Le métissage : ce que les cases n'arrivent pas à cocher

Voilà où la Constitution montre ses limites, et où l'île devient vraiment intéressante. Sur le terrain, les quatre cases débordent de partout. Un mariage entre un Tamoul et une créole, un enfant sino-créole, un franco-mauricien qui parle un créole plus roulant que le mien : c'est le quotidien, pas l'exception. La jeune génération, surtout dans les villes du centre comme Rose-Hill ou Quatre-Bornes, coche de moins en moins volontiers une case unique.

Le vrai ciment, c'est la langue. Le kreol morisien, on le parle absolument tous, quelle que soit l'origine. On apprend à l'école en anglais, on lit les journaux en français, on prie en tamoul, en arabe, en hindi ou en mandarin, et on s'engueule au marché en créole. Ce multilinguisme décomplexé, c'est peut-être la chose la plus mauricienne qui soit.

Le tampon « validé », je le mets sur une manière de voir le pays : ne cherche pas « le Mauricien type », il n'existe pas. Le pays vit une forme d'équilibre communautaire réel, avec ses fêtes partagées (Divali où tout le voisinage récupère des gâteaux, Cavadee impressionnant, Eid, Nouvel An chinois, Noël), mais aussi ses non-dits et ses tensions qui ressurgissent surtout en période électorale. Ne tombe donc ni dans le conte de fées « tout le monde s'aime », ni dans le cynisme « c'est communautariste ». La réalité est entre les deux, et c'est bien plus riche comme ça.

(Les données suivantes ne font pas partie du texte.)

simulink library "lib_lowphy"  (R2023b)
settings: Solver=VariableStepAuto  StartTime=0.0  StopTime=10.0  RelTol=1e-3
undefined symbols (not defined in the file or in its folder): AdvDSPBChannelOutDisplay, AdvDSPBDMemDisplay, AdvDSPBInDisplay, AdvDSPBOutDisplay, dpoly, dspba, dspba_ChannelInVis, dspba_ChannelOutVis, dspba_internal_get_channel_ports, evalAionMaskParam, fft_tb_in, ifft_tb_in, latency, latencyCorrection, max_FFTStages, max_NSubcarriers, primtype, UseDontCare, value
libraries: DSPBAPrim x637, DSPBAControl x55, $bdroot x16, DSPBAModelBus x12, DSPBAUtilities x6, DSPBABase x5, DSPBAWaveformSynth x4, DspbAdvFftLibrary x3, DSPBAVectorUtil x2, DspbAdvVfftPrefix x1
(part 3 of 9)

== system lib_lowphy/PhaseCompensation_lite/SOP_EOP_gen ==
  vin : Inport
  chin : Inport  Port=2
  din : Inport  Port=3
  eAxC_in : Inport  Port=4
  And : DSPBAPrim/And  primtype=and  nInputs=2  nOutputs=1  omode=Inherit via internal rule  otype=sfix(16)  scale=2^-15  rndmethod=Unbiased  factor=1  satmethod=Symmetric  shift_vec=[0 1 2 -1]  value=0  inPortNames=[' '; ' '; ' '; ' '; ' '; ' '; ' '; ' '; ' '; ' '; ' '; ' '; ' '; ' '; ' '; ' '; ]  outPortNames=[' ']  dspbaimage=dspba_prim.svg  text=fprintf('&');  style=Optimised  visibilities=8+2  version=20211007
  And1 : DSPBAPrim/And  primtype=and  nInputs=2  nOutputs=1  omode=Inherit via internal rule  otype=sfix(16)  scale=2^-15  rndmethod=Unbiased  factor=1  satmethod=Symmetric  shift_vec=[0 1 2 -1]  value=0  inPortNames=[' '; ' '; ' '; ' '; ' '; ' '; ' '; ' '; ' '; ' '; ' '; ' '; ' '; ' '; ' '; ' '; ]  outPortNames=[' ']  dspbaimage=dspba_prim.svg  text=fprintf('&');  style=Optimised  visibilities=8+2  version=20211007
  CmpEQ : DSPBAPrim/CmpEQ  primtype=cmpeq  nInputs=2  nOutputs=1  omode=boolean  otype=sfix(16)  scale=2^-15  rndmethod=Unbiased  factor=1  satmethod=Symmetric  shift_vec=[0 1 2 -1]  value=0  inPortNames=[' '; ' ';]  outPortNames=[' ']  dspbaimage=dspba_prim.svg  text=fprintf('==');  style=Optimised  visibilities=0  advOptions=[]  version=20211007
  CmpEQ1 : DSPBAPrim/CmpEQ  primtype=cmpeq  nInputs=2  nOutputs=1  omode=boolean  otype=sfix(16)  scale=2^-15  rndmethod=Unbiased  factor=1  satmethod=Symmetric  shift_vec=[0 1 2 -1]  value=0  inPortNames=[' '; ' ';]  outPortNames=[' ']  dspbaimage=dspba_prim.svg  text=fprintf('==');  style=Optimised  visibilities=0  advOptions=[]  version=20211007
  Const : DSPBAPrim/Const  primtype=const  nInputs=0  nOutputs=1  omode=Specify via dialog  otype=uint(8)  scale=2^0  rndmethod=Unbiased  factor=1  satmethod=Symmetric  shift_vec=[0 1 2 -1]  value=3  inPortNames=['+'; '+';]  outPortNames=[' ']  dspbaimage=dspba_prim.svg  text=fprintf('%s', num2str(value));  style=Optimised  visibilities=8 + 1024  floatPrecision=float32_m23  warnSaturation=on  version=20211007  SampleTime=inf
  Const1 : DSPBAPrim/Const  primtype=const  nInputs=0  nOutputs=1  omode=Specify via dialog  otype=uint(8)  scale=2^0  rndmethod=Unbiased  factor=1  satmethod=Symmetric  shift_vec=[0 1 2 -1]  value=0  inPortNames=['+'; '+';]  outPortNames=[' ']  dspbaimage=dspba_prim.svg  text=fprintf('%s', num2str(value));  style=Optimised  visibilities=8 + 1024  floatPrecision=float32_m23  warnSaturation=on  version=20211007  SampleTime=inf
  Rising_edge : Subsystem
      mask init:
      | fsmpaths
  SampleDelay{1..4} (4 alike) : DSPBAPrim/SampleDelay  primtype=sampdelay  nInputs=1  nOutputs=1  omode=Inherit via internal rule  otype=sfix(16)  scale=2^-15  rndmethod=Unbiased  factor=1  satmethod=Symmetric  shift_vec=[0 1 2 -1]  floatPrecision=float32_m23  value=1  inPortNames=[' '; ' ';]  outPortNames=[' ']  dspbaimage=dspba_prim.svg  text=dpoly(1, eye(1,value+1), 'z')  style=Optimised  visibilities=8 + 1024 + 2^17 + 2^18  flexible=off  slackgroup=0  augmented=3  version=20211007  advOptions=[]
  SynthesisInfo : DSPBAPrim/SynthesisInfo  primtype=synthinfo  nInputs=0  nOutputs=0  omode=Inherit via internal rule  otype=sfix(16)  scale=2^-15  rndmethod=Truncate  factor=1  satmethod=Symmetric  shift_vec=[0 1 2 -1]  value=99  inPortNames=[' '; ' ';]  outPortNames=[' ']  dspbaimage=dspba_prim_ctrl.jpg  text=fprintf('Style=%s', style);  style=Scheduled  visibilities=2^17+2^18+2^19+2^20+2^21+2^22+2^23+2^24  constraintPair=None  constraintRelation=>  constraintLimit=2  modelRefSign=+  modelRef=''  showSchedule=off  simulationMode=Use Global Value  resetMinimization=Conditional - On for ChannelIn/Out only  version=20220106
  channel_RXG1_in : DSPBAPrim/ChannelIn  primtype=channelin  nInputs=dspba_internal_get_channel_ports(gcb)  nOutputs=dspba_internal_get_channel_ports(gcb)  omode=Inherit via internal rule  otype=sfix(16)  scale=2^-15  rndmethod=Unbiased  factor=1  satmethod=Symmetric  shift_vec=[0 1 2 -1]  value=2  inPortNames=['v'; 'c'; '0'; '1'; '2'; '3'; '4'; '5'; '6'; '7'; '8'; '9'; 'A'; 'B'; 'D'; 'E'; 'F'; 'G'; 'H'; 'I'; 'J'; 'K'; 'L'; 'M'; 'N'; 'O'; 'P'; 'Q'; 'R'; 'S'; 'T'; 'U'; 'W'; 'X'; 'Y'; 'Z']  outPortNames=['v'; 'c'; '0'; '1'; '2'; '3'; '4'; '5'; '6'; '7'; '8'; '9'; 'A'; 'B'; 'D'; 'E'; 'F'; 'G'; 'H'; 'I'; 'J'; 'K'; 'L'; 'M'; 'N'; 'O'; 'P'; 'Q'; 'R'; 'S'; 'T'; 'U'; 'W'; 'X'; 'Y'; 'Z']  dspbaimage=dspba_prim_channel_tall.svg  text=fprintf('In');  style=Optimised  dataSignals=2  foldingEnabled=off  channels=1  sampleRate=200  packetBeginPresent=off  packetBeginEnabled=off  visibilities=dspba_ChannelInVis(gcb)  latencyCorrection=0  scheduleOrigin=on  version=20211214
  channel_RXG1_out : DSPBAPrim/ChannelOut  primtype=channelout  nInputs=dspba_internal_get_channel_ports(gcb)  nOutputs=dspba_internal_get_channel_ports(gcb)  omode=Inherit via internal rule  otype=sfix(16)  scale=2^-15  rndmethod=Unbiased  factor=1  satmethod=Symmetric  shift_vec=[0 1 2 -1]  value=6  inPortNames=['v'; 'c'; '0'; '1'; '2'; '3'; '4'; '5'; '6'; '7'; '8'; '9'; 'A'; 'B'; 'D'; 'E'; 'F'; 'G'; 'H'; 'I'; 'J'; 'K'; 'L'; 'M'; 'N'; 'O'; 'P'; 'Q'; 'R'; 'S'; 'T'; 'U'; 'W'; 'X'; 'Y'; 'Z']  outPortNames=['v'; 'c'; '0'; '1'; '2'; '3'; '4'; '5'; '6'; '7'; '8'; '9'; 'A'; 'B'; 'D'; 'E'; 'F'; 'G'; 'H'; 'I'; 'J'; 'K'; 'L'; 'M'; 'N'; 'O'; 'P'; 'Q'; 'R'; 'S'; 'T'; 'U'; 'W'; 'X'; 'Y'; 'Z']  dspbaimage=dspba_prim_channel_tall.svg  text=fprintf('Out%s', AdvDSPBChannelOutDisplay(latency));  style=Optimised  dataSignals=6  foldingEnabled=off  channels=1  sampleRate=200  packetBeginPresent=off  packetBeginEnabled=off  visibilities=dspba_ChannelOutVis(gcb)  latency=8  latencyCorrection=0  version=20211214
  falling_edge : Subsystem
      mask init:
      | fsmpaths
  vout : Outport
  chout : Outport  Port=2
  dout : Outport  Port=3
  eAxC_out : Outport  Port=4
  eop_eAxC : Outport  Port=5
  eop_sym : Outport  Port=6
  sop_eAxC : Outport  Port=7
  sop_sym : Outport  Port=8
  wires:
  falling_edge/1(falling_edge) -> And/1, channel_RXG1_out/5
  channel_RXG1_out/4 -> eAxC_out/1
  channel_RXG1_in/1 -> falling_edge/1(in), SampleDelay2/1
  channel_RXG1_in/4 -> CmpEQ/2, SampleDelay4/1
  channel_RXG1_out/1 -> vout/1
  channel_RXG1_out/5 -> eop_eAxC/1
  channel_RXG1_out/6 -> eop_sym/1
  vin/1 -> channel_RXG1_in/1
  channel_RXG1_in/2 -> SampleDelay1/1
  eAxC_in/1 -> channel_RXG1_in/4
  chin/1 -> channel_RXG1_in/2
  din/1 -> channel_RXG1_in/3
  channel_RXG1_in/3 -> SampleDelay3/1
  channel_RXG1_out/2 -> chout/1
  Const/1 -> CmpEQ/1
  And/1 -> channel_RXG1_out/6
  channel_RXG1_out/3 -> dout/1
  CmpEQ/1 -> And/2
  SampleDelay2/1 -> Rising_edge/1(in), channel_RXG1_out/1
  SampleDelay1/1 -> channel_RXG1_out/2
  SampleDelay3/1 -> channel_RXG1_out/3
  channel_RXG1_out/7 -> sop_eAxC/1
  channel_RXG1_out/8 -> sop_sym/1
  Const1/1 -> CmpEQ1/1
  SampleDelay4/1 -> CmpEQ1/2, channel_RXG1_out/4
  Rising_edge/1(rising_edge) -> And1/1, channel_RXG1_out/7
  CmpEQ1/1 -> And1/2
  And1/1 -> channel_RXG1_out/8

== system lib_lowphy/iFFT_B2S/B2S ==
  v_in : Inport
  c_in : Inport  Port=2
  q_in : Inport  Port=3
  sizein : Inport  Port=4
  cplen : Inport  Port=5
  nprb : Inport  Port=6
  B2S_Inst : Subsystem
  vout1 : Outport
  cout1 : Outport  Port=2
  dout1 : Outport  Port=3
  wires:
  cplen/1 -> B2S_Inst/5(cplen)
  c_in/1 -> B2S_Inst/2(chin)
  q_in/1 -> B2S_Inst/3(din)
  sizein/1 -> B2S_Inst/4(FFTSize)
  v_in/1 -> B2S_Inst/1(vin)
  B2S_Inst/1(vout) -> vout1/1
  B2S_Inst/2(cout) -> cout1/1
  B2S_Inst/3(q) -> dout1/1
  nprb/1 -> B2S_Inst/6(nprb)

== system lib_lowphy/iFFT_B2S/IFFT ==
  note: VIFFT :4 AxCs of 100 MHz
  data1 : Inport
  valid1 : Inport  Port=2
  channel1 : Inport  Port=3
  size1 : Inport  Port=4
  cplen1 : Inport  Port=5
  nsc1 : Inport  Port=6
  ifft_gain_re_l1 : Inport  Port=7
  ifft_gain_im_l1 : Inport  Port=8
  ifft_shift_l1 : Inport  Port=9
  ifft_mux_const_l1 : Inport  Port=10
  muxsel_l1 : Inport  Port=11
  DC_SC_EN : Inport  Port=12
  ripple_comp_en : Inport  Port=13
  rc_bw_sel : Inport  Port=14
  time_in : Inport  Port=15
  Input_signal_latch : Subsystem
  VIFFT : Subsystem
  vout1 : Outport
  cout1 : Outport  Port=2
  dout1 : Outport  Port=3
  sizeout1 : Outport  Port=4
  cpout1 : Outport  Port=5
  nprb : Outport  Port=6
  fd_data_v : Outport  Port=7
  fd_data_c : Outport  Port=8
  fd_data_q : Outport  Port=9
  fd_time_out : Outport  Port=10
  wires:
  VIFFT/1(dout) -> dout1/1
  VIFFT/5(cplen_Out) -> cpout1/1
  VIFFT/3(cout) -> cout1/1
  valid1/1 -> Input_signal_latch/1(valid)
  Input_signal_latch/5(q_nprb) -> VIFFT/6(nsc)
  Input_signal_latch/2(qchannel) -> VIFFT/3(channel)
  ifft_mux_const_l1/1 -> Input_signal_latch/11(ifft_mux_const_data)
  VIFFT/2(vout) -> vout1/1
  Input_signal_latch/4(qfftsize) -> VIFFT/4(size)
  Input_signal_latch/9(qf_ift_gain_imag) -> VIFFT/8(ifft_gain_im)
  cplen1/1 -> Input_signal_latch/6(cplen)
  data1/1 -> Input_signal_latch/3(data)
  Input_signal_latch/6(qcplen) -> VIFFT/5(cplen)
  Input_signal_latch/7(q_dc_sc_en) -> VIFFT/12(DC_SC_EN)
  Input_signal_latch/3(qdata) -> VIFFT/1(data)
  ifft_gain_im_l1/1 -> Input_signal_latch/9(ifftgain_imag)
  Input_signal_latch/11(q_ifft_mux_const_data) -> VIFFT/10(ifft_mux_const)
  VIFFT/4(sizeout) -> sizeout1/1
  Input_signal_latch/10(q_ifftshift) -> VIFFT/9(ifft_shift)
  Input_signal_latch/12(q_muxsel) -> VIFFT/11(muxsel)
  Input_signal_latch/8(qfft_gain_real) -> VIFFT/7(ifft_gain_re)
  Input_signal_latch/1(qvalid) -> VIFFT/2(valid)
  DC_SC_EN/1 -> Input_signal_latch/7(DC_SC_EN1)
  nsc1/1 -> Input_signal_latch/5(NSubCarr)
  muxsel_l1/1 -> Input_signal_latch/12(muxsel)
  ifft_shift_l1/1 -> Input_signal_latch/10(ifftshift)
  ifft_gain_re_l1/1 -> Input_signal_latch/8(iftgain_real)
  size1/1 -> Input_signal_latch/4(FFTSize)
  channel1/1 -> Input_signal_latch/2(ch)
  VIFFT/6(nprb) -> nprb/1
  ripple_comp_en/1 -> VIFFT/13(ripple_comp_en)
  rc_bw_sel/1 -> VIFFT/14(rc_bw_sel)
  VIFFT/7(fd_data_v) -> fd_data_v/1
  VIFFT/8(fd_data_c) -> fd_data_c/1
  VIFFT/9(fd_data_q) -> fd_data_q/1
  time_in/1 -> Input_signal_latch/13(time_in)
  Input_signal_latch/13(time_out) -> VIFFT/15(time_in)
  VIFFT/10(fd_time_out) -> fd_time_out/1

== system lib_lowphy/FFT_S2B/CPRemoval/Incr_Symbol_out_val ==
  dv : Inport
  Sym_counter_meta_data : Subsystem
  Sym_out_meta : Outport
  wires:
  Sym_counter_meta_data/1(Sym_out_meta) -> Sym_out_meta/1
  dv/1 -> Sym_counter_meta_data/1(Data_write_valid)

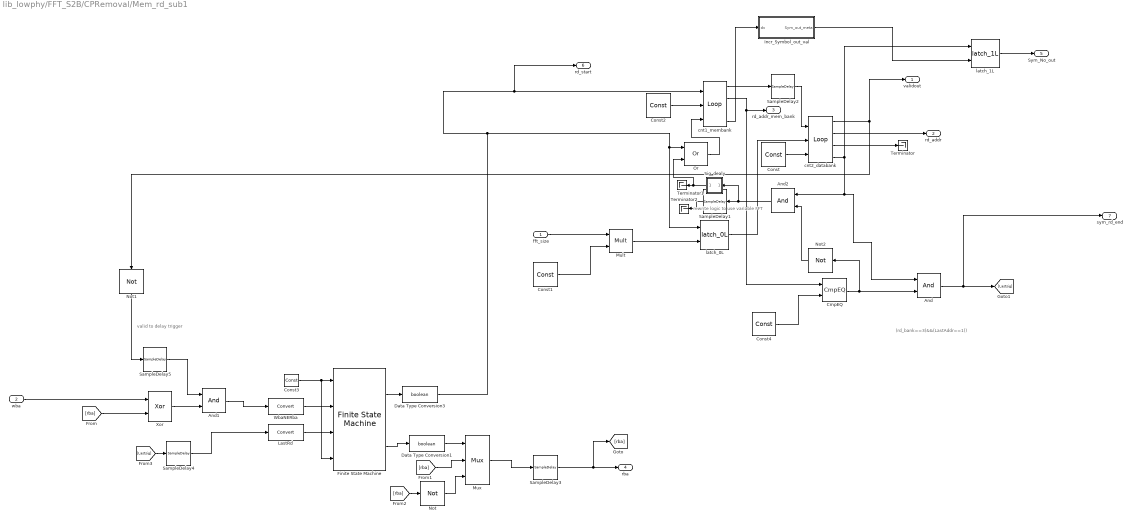
== system lib_lowphy/FFT_S2B/CPRemoval/Mem_rd_sub1 ==
  note: rewrite logic to use variable FFT
  note: (rd_bank==3)&&(LastAddr==1))
  note: valid to delay trigger
  fft_size : Inport
  wba : Inport  Port=2
  And : DSPBAPrim/And  primtype=and  nInputs=2  nOutputs=1  omode=Inherit via internal rule  otype=sfix(16)  scale=2^-15  rndmethod=Unbiased  factor=1  satmethod=Symmetric  shift_vec=[0 1 2 -1]  value=0  inPortNames=[' '; ' '; ' '; ' '; ' '; ' '; ' '; ' '; ' '; ' '; ' '; ' '; ' '; ' '; ' '; ' '; ]  outPortNames=[' ']  dspbaimage=dspba_prim.svg  text=fprintf('&');  style=Optimised  visibilities=8+2  version=20211007
  And1 : DSPBAPrim/And  primtype=and  nInputs=2  nOutputs=1  omode=Inherit via internal rule  otype=sfix(16)  scale=2^-15  rndmethod=Unbiased  factor=1  satmethod=Symmetric  shift_vec=[0 1 2 -1]  value=0  inPortNames=[' '; ' '; ' '; ' '; ' '; ' '; ' '; ' '; ' '; ' '; ' '; ' '; ' '; ' '; ' '; ' '; ]  outPortNames=[' ']  dspbaimage=dspba_prim.svg  text=fprintf('&');  style=Optimised  visibilities=8+2  version=20211007
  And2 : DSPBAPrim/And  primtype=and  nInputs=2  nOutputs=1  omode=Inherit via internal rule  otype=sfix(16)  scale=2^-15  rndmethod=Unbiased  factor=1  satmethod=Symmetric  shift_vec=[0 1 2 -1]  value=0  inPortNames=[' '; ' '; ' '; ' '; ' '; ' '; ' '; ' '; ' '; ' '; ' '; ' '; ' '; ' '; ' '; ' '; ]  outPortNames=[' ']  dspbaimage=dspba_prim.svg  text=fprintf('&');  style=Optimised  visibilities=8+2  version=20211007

Ce que tu retiens si tu débarques

  • Quatre communautés officielles (hindous, musulmans, sino-mauriciens, population générale), mais c'est un cadre politique, pas la vraie vie.
  • Tout le monde est venu d'ailleurs : colons européens, esclaves africains et malgaches, engagés indiens, commerçants chinois. Aucun peuple autochtone.
  • Pas de recensement ethnique depuis 1972 : les pourcentages « ethniques » précis sont des estimations, à prendre comme des ordres de grandeur.
  • Le créole et le multilinguisme sont le vrai liant national, plus que n'importe quelle case.

Le meilleur moyen de comprendre tout ça, ce n'est pas de lire un tableau de chiffres, c'est de te faire inviter à manger. Un dholl puri avalé debout dans la rue, un mine frit chez le Chinois du coin, un rougaille saucisse chez une famille créole, un briani un jour de fête : la nation arc-en-ciel, elle se goûte, en écoutant le séga, avant de se compter. Et là, promis, tu ne demanderas plus à personne « t'es quoi ? ».